**WHAT TO WORK ON:** When checking the entries below, count every line with the word "linetype", then give only that number.

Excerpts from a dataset
┄┄┄┄┄┄┄┄┄┄
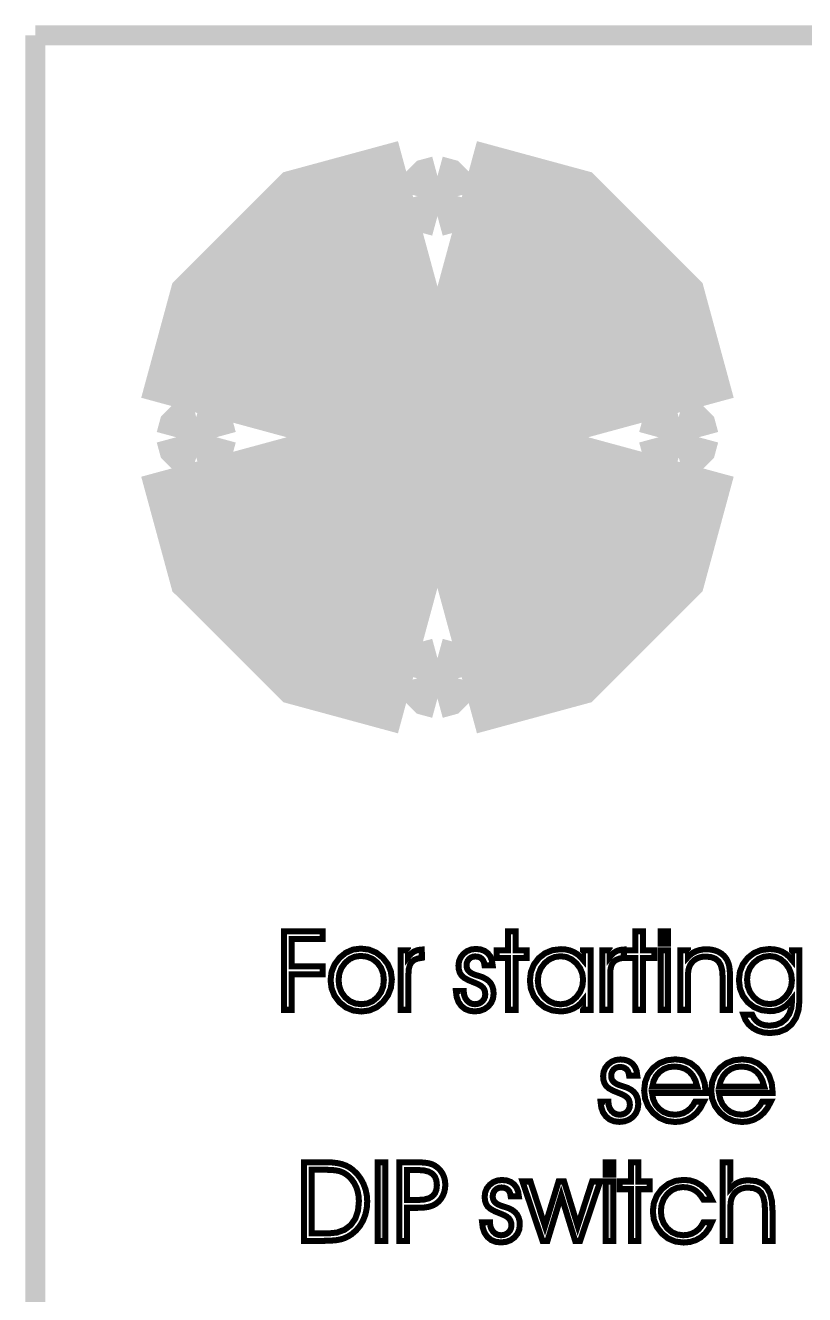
# Model space of a CAD drawing. Extents: x -1.96 to 2.19, y -1.6 to 2.11.
# Drawn here: x -1.963 to -1.576, y 1.477 to 2.108 of the extents above; entities that cross this region are included whole.
import ezdxf

# ---------------------------------------------------------------- set-up
doc = ezdxf.new("R2010")
doc.units = 0
doc.header["$LTSCALE"] = 0.000394
for name, color, linetype in [('KO', 7, 'CONTINUOUS'), ('ML', 7, 'CONTINUOUS'), ('TO', 7, 'CONTINUOUS')]:
    doc.layers.add(name, color=color, linetype=linetype)

msp = doc.modelspace()

# ---------------------------------------------------------------- linework, layer by layer
at = {"layer": 'KO', "color": 7, "linetype": 'CONTINUOUS', "const_width": 0.01}
for points in [[(-1.958433, -1.596524), (-1.958433, 2.103472)], [(-1.958433, 2.103472), (1.741563, 2.103472)]]:
    msp.add_lwpolyline(points, dxfattribs=at)
at = {"layer": 'ML', "color": 7, "linetype": 'CONTINUOUS'}
for points, const_width in [([(-1.758429, 1.978472), (-1.796232, 1.968207), (-1.823164, 1.941276), (-1.833429, 1.903472)], 0.15), ([(-1.758429, 1.978472), (-1.796232, 1.968207), (-1.823164, 1.941276), (-1.833429, 1.903472)], 0.15), ([(-1.683429, 1.903472), (-1.693694, 1.941276), (-1.720626, 1.968207), (-1.758429, 1.978472)], 0.15), ([(-1.683429, 1.903472), (-1.693694, 1.941276), (-1.720626, 1.968207), (-1.758429, 1.978472)], 0.15), ([(-1.758429, 2.033469), (-1.763467, 2.0321), (-1.767057, 2.02851), (-1.768425, 2.023472)], 0.02), ([(-1.758429, 2.033469), (-1.763467, 2.0321), (-1.767057, 2.02851), (-1.768425, 2.023472)], 0.02), ([(-1.748433, 2.023472), (-1.749802, 2.02851), (-1.753391, 2.0321), (-1.758429, 2.033469)], 0.02), ([(-1.748433, 2.023472), (-1.749802, 2.02851), (-1.753391, 2.0321), (-1.758429, 2.033469)], 0.02), ([(-1.768425, 2.023472), (-1.767057, 2.018435), (-1.763467, 2.014845), (-1.758429, 2.013476)], 0.02), ([(-1.768425, 2.023472), (-1.767057, 2.018435), (-1.763467, 2.014845), (-1.758429, 2.013476)], 0.02), ([(-1.758429, 2.013476), (-1.753391, 2.014845), (-1.749802, 2.018435), (-1.748433, 2.023472)], 0.02), ([(-1.758429, 2.013476), (-1.753391, 2.014845), (-1.749802, 2.018435), (-1.748433, 2.023472)], 0.02), ([(-1.833425, 1.903472), (-1.823161, 1.86567), (-1.796231, 1.83874), (-1.758429, 1.828476)], 0.15), ([(-1.833425, 1.903472), (-1.823161, 1.86567), (-1.796231, 1.83874), (-1.758429, 1.828476)], 0.15), ([(-1.758429, 1.828476), (-1.720627, 1.83874), (-1.693697, 1.86567), (-1.683433, 1.903472)], 0.15), ([(-1.758429, 1.828476), (-1.720627, 1.83874), (-1.693697, 1.86567), (-1.683433, 1.903472)], 0.15), ([(-1.878429, 1.913469), (-1.883467, 1.9121), (-1.887057, 1.90851), (-1.888425, 1.903472)], 0.02), ([(-1.878429, 1.913469), (-1.883467, 1.9121), (-1.887057, 1.90851), (-1.888425, 1.903472)], 0.02), ([(-1.868433, 1.903472), (-1.869802, 1.90851), (-1.873391, 1.9121), (-1.878429, 1.913469)], 0.02), ([(-1.868433, 1.903472), (-1.869802, 1.90851), (-1.873391, 1.9121), (-1.878429, 1.913469)], 0.02), ([(-1.638429, 1.913469), (-1.643467, 1.9121), (-1.647057, 1.90851), (-1.648425, 1.903472)], 0.02), ([(-1.638429, 1.913469), (-1.643467, 1.9121), (-1.647057, 1.90851), (-1.648425, 1.903472)], 0.02), ([(-1.628433, 1.903472), (-1.629802, 1.90851), (-1.633391, 1.9121), (-1.638429, 1.913469)], 0.02), ([(-1.628433, 1.903472), (-1.629802, 1.90851), (-1.633391, 1.9121), (-1.638429, 1.913469)], 0.02), ([(-1.888425, 1.903472), (-1.887057, 1.898435), (-1.883467, 1.894845), (-1.878429, 1.893476)], 0.02), ([(-1.888425, 1.903472), (-1.887057, 1.898435), (-1.883467, 1.894845), (-1.878429, 1.893476)], 0.02), ([(-1.878429, 1.893476), (-1.873391, 1.894845), (-1.869802, 1.898435), (-1.868433, 1.903472)], 0.02), ([(-1.878429, 1.893476), (-1.873391, 1.894845), (-1.869802, 1.898435), (-1.868433, 1.903472)], 0.02), ([(-1.648425, 1.903472), (-1.647057, 1.898435), (-1.643467, 1.894845), (-1.638429, 1.893476)], 0.02), ([(-1.648425, 1.903472), (-1.647057, 1.898435), (-1.643467, 1.894845), (-1.638429, 1.893476)], 0.02), ([(-1.638429, 1.893476), (-1.633391, 1.894845), (-1.629802, 1.898435), (-1.628433, 1.903472)], 0.02), ([(-1.638429, 1.893476), (-1.633391, 1.894845), (-1.629802, 1.898435), (-1.628433, 1.903472)], 0.02), ([(-1.758429, 1.793469), (-1.763467, 1.7921), (-1.767057, 1.78851), (-1.768425, 1.783472)], 0.02), ([(-1.758429, 1.793469), (-1.763467, 1.7921), (-1.767057, 1.78851), (-1.768425, 1.783472)], 0.02), ([(-1.748433, 1.783472), (-1.749802, 1.78851), (-1.753391, 1.7921), (-1.758429, 1.793469)], 0.02), ([(-1.748433, 1.783472), (-1.749802, 1.78851), (-1.753391, 1.7921), (-1.758429, 1.793469)], 0.02), ([(-1.768425, 1.783472), (-1.767057, 1.778435), (-1.763467, 1.774845), (-1.758429, 1.773476)], 0.02), ([(-1.768425, 1.783472), (-1.767057, 1.778435), (-1.763467, 1.774845), (-1.758429, 1.773476)], 0.02), ([(-1.758429, 1.773476), (-1.753391, 1.774845), (-1.749802, 1.778435), (-1.748433, 1.783472)], 0.02), ([(-1.758429, 1.773476), (-1.753391, 1.774845), (-1.749802, 1.778435), (-1.748433, 1.783472)], 0.02)]:
    msp.add_lwpolyline(points, dxfattribs=dict(at, const_width=const_width))
at = {"layer": 'TO', "color": 7, "linetype": 'CONTINUOUS', "const_width": 0.003}
for points in [[(-1.834807, 1.618472), (-1.834807, 1.657591), (-1.815492, 1.657591), (-1.815492, 1.653748), (-1.83102, 1.653748), (-1.83102, 1.640051), (-1.815492, 1.640051), (-1.815492, 1.636181), (-1.83102, 1.636181), (-1.83102, 1.618472), (-1.834807, 1.618472)], [(-1.834807, 1.618472), (-1.834807, 1.657591), (-1.815492, 1.657591), (-1.815492, 1.653748), (-1.83102, 1.653748), (-1.83102, 1.640051), (-1.815492, 1.640051), (-1.815492, 1.636181), (-1.83102, 1.636181), (-1.83102, 1.618472), (-1.834807, 1.618472)], [(-1.723378, 1.618472), (-1.723378, 1.644213), (-1.728988, 1.644213), (-1.728988, 1.648028), (-1.723378, 1.648028), (-1.723378, 1.657591), (-1.719591, 1.657591), (-1.719591, 1.648028), (-1.713976, 1.648028), (-1.713976, 1.644213), (-1.719591, 1.644213), (-1.719591, 1.618472), (-1.723378, 1.618472)], [(-1.723378, 1.618472), (-1.723378, 1.644213), (-1.728988, 1.644213), (-1.728988, 1.648028), (-1.723378, 1.648028), (-1.723378, 1.657591), (-1.719591, 1.657591), (-1.719591, 1.648028), (-1.713976, 1.648028), (-1.713976, 1.644213), (-1.719591, 1.644213), (-1.719591, 1.618472), (-1.723378, 1.618472)], [(-1.659949, 1.618472), (-1.659949, 1.644213), (-1.665559, 1.644213), (-1.665559, 1.648028), (-1.659949, 1.648028), (-1.659949, 1.657591), (-1.656161, 1.657591), (-1.656161, 1.648028), (-1.650547, 1.648028), (-1.650547, 1.644213), (-1.656161, 1.644213), (-1.656161, 1.618472), (-1.659949, 1.618472)], [(-1.659949, 1.618472), (-1.659949, 1.644213), (-1.665559, 1.644213), (-1.665559, 1.648028), (-1.659949, 1.648028), (-1.659949, 1.657591), (-1.656161, 1.657591), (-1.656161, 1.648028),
┄┄┄┄┄┄┄┄┄┄
**RESULT OF THE EXERCISE:** 5